The dynamic recursive-descent parser spends a lot of time repeatedly rejecting grammar branches that cannot match the current token. The lexer benchmark also paid avoidable overhead for the common remaining_tokens() path used before parsing.

This keeps the current architecture and grammar file format intact while moving more branch-selection work to grammar initialization.

Performance

Original trunk baseline captured before this branch:

  • Lexer: 69,578 queries in 4.824s @ 14.4k QPS
  • Parser including lexing: 69,577 queries in 21.275s @ 3.27k QPS

Fresh local run on this branch:

  • Lexer: 69,578 queries in 1.76580s @ 39.4k QPS
  • Parser including lexing: 69,577 queries in 9.31625s @ 7.47k QPS

Reviewer run from the adversarial loop:

  • Lexer: 69,578 queries in 1.71405s @ 40.6k QPS
  • Parser including lexing: 69,577 queries in 9.70479s @ 7.17k QPS

This is roughly:

  • 2.8x faster lexer time.
  • 2.28x faster end-to-end parser time.

It does not reach 10x.
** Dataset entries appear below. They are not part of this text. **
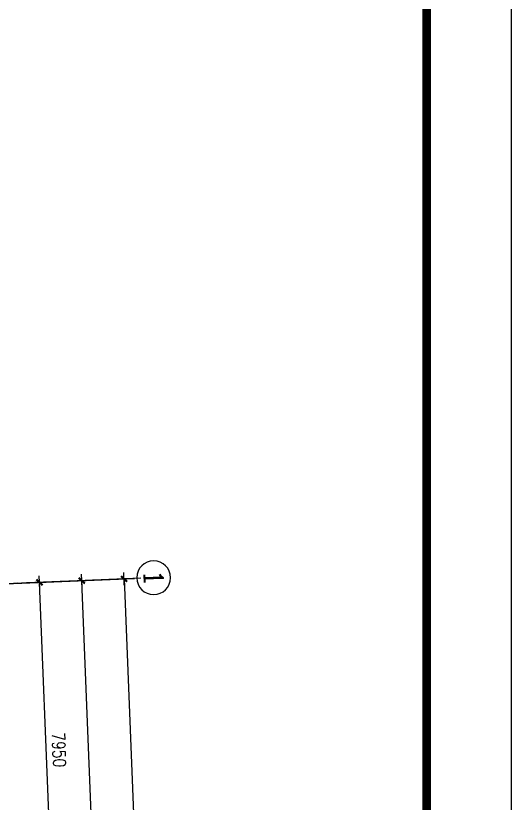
# Model space of a CAD drawing. Extents: x 634182 to 802382, y -1101880 to -864080.
# Drawn here: x 790670 to 802382, y -907682 to -889066 of the extents above; entities that cross this region are included whole.
import ezdxf
from ezdxf.enums import TextEntityAlignment as Align

# ---------------------------------------------------------------- set-up
doc = ezdxf.new("R2010")
doc.units = 0
doc.header["$LTSCALE"] = 1000
doc.header["$MEASUREMENT"] = 0
doc.linetypes.add('DOTE', pattern=[2.42, 2, -0.2, 0.02, -0.2])
doc.layers.get('0').update_dxf_attribs({"linetype": 'CONTINUOUS'})
doc.layers.get('DEFPOINTS').update_dxf_attribs({"linetype": 'CONTINUOUS'})
for name, color, linetype in [('AXIS', 3, 'CONTINUOUS'), ('AXIS_TEXT', 7, 'CONTINUOUS'), ('DOTE', 1, 'DOTE'), ('PUB_DIM', 3, 'CONTINUOUS')]:
    doc.layers.add(name, color=color, linetype=linetype)
doc.styles.add('COMPLEX', font='COMPLEX')
doc.styles.add('DIM_FONT', font='simplex.shx', dxfattribs={"width": 0.8})
doc.dimstyles.new('DIMN', dxfattribs={"dimtxt": 300, "dimasz": 1, "dimexe": 250, "dimexo": 300, "dimgap": 150, "dimtad": 1, "dimdec": 0, "dimzin": 0, "dimdsep": 46, "dimtxsty": 'DIM_FONT', "dimblk": '_DIMX', "dimblk1": '_DIMX', "dimblk2": '_DIMX', "dimcen": 2.5, "dimclrt": 7, "dimadec": 0, "dimazin": 0, "dimtfac": 1, "dimtdec": 0, "dimtix": 1, "dimtmove": 2, "dimatfit": 3, "dimldrblk": '_DIMX', "dimfxl": 0, "dimtolj": 1, "dimtzin": 0, "dimarcsym": 0})

# ---------------------------------------------------------------- blocks, each defined once
blk = doc.blocks.new('_DIMX')
blk.add_line((-150, 0), (150, 0))
at = {"const_width": 50}
blk.add_lwpolyline([(-70, -70), (70, 70)], dxfattribs=at)
blk = doc.blocks.new('*D1623')
at = {"color": 0, "linetype": 'ByBlock'}
for p, q in [((791551, -910401), (791232, -902460)), ((791400, -902452), (791481, -902449)), ((791719, -910396), (791800, -910392))]:
    blk.add_line(p, q, dxfattribs=at)
at = {"layer": 'DEFPOINTS', "color": 0, "linetype": 'ByBlock'}
for p in [(791100, -902464, 285), (791232, -902459, 285), (791419, -910408, 285)]:
    blk.add_point(p, dxfattribs=at)
at = {"color": 0, "linetype": 'ByBlock'}
for p, rotation in [((791232, -902459), 92.30000000001135), ((791551, -910402), 272.3000000000114)]:
    blk.add_blockref('_DIMX', p, dxfattribs=dict(at, rotation=rotation))
at = {"color": 7, "linetype": 'ByBlock', "insert": (791691, -906419), "char_height": 300, "attachment_point": 5, "rotation": 272.3, "style": 'DIM_FONT'}
blk.add_mtext('\\A1;7950', dxfattribs=at)
blk = doc.blocks.new('*D1624')
at = {"color": 0, "linetype": 'ByBlock'}
for p, q in [((792905, -919204), (792231, -902420)), ((792531, -902407), (792481, -902409)), ((793205, -919193), (793155, -919195))]:
    blk.add_line(p, q, dxfattribs=at)
at = {"layer": 'DEFPOINTS', "color": 0, "linetype": 'ByBlock'}
for p in [(792231, -902419, 285), (792231, -902419, 285), (792905, -919205, 285)]:
    blk.add_point(p, dxfattribs=at)
at = {"color": 0, "linetype": 'ByBlock'}
for p, rotation in [((792231, -902419), 92.29999999999997), ((792905, -919205), 272.3)]:
    blk.add_blockref('_DIMX', p, dxfattribs=dict(at, rotation=rotation))
at = {"color": 7, "linetype": 'ByBlock', "insert": (792868, -910800), "char_height": 300, "attachment_point": 5, "rotation": 272.3, "style": 'DIM_FONT'}
blk.add_mtext('\\A1;16800', dxfattribs=at)
blk = doc.blocks.new('_AXISO')
blk.add_circle((0, 0), 0.5)
at = {"layer": 'AXIS_TEXT', "style": 'COMPLEX', "width": 1.041667}
blk.add_attdef('A', text='', height=0.56, dxfattribs=at).set_placement((-0.25, -0.28), (0.25, -0.28), align=Align.FIT)

msp = doc.modelspace()

# ---------------------------------------------------------------- linework, layer by layer
at = {"ltscale": 1500}
msp.add_lwpolyline([(634181.846, -864080.129), (802381.846, -864080.129), (802381.846, -1101880.129), (634181.846, -1101880.129)], close=True, dxfattribs=at)
at = {"ltscale": 1500, "const_width": 200}
msp.add_lwpolyline([(636181.846, -869080.129), (636181.846, -1099880.129), (800381.846, -1099880.129), (800381.846, -869080.129)], close=True, dxfattribs=at)
at = {"layer": 'AXIS'}
msp.add_line((793629.615, -902362.515), (789321.952, -902535.528), dxfattribs=at)
at = {"layer": 'DOTE', "linetype": 'DOTE'}
msp.add_line((792920.343, -902394.358), (770176.226, -903307.856), dxfattribs=at)

# ---------------------------------------------------------------- block references
at = {"layer": 'AXIS'}
ref = msp.add_blockref('_AXISO', (793929.383, -902350.511), dxfattribs=dict(at, xscale=-800, yscale=800, zscale=800, rotation=272.3000000000001))
ref.add_attrib('A', '1', dxfattribs={"layer": 'AXIS_TEXT', "height": 448, "rotation": 272.3, "style": 'COMPLEX', "width": 2.083333}).set_placement((793697.537, -902159.662), (793713.59, -902559.34), align=Align.FIT)

# ---------------------------------------------------------------- dimensions: what is measured, and where the dimension line sits
at = {"layer": 'PUB_DIM'}
msp.add_linear_dim(base=(797636.405, -1012090.024), p1=(789278.888, -902537.258, 284.642), p2=(793528.144, -1012255.028, 284.642), angle=272.3, dimstyle='DIMN', dxfattribs=at).render()
for p1, p2, distance, picture, middle in [((792904.957, -919205.16, 284.642), (792230.743, -902418.694, 284.642), 0, '*D1624', (792867.609, -910799.888)), ((791419.174, -910407.705, 284.642), (791100.126, -902464.106, 284.642), -131.529, '*D1623', (791690.831, -906418.587))]:
    dim = msp.add_aligned_dim(p1=p1, p2=p2, distance=distance, dimstyle='DIMN', dxfattribs=at)
    dim.commit()
    dim.dimension.update_dxf_attribs({"geometry": picture, "text_midpoint": middle})

doc.saveas('drawing.dxf')
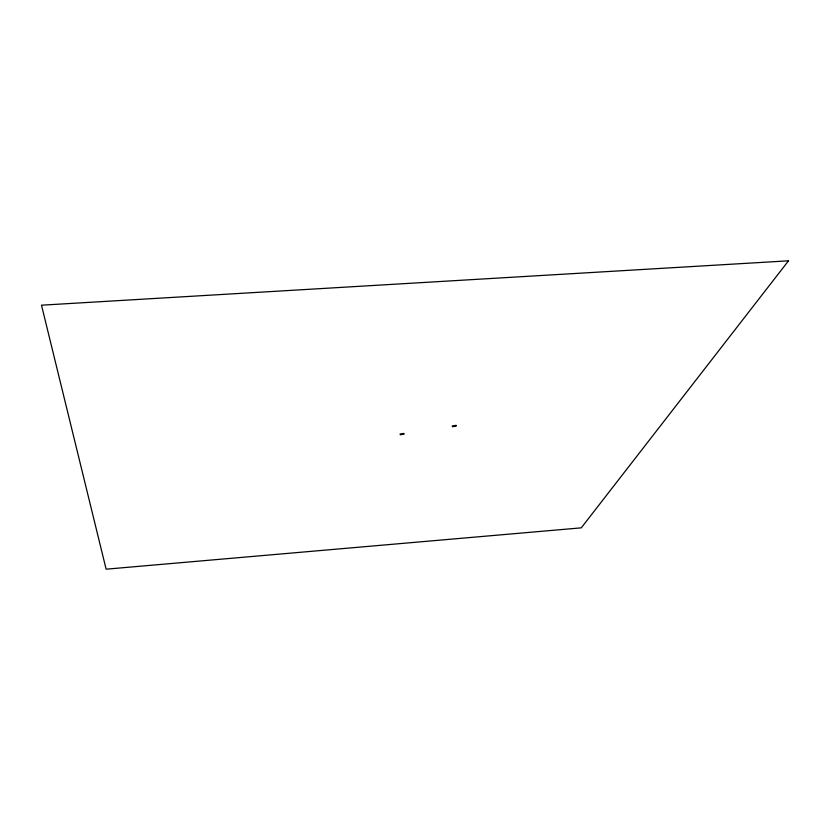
<?xml version="1.0" encoding="UTF-8"?>
<svg xmlns="http://www.w3.org/2000/svg" width="830" height="830" viewBox="0 0 830 830"><rect width="100%" height="100%" fill="white"/><g stroke="black" fill="none" stroke-linecap="round" stroke-linejoin="round"><path stroke-width="1.25" d="M788.5 260.817L581.27 527.849L106.126 569.183L41.5 305.191L788.5 260.817M403.754 433.436L400.102 433.997L400.34 434.754L403.982 434.194L403.754 433.436M455.961 425.385L452.288 425.946L452.454 426.724L456.116 426.153L455.961 425.385"/></g></svg>
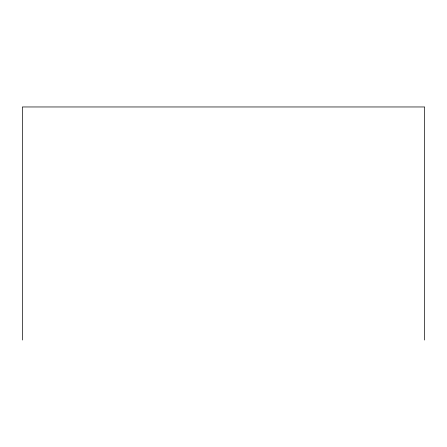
<?xml version="1.0" encoding="UTF-8"?>
<svg xmlns="http://www.w3.org/2000/svg" width="447" height="447" viewBox="0 0 447 447"><rect width="100%" height="100%" fill="white"/><g stroke="black" fill="none" stroke-linecap="round" stroke-linejoin="round"><path stroke-width="0.67" d="M424.65 340.038L424.65 106.962L22.35 106.962L22.35 340.038"/></g></svg>

The independent reviewer concluded that further large gains likely require a generated/specialized parser or larger rearchitecture.

Parser size constraint

The current compact parser footprint remains well under the requested 200 KB cap:

  • src/parser/*.php plus src/mysql/mysql-grammar.php: 92,090 bytes total.
  • Current follow-up commits: 93,804 bytes total.

Validation

  • git diff --check
  • php -l on modified lexer/parser files
  • composer run test -- --filter 'WP_MySQL_(Lexer|Server_Suite_(Lexer|Parser))'
    • 141 tests
    • 1,420,987 assertions
  • composer run test
    • 667 tests
    • 1,427,673 assertions
    • 2 skipped, 2 incomplete
  • php packages/mysql-on-sqlite/tests/tools/run-lexer-benchmark.php
  • php packages/mysql-on-sqlite/tests/tools/run-parser-benchmark.php

Follow-up exploration

The next phase should investigate whether a compact specialized parser can preserve the 200 KB cap while reducing dynamic recursive-descent overhead further. Promising directions:

  • generate compact predictive dispatch tables rather than expanding PHP parser code;
  • specialize the high-volume statement families used by WordPress while falling back to the generic parser;
  • keep any generated artifacts small enough that src/parser/*.php plus grammar metadata stays below 200 KB.

@adamziel
Copy link
Copy Markdown
Collaborator Author

Closing per request; scrapping this parser performance experiment.

@adamziel adamziel closed this Apr 27, 2026
JanJakes added a commit that referenced this pull request Apr 28, 2026
Apply lexer optimisations from PR #375:

- Cache `strlen($sql)` once in `$sql_length` instead of recomputing on each
  EOF check.
- Replace `strspn($byte, MASK) > 0` with direct byte comparisons
  (`$byte >= '0' && $byte <= '9'`, `false !== strpos(MASK, $byte)`,
  unrolled whitespace check).
- Use `strpos($sql, '*/', $pos)` instead of a manual scan loop in
  `read_comment_content()`.
- In `read_quoted_text()`, use `strpos()` to find the next quote, eliminating
  the separate end-of-input check that follows the `strcspn()` scan.
- Inline `next_token()` + `get_token()` in `remaining_tokens()` so the hot
  loop builds tokens directly.

Co-authored-by: Adam Zieliński <adam@adamziel.com>

Adapted from #375
JanJakes added a commit that referenced this pull request Apr 28, 2026
Token construction is on the lexer hot path; bypassing the
`WP_Parser_Token::__construct()` indirection and assigning the four
properties directly removes one method call per token.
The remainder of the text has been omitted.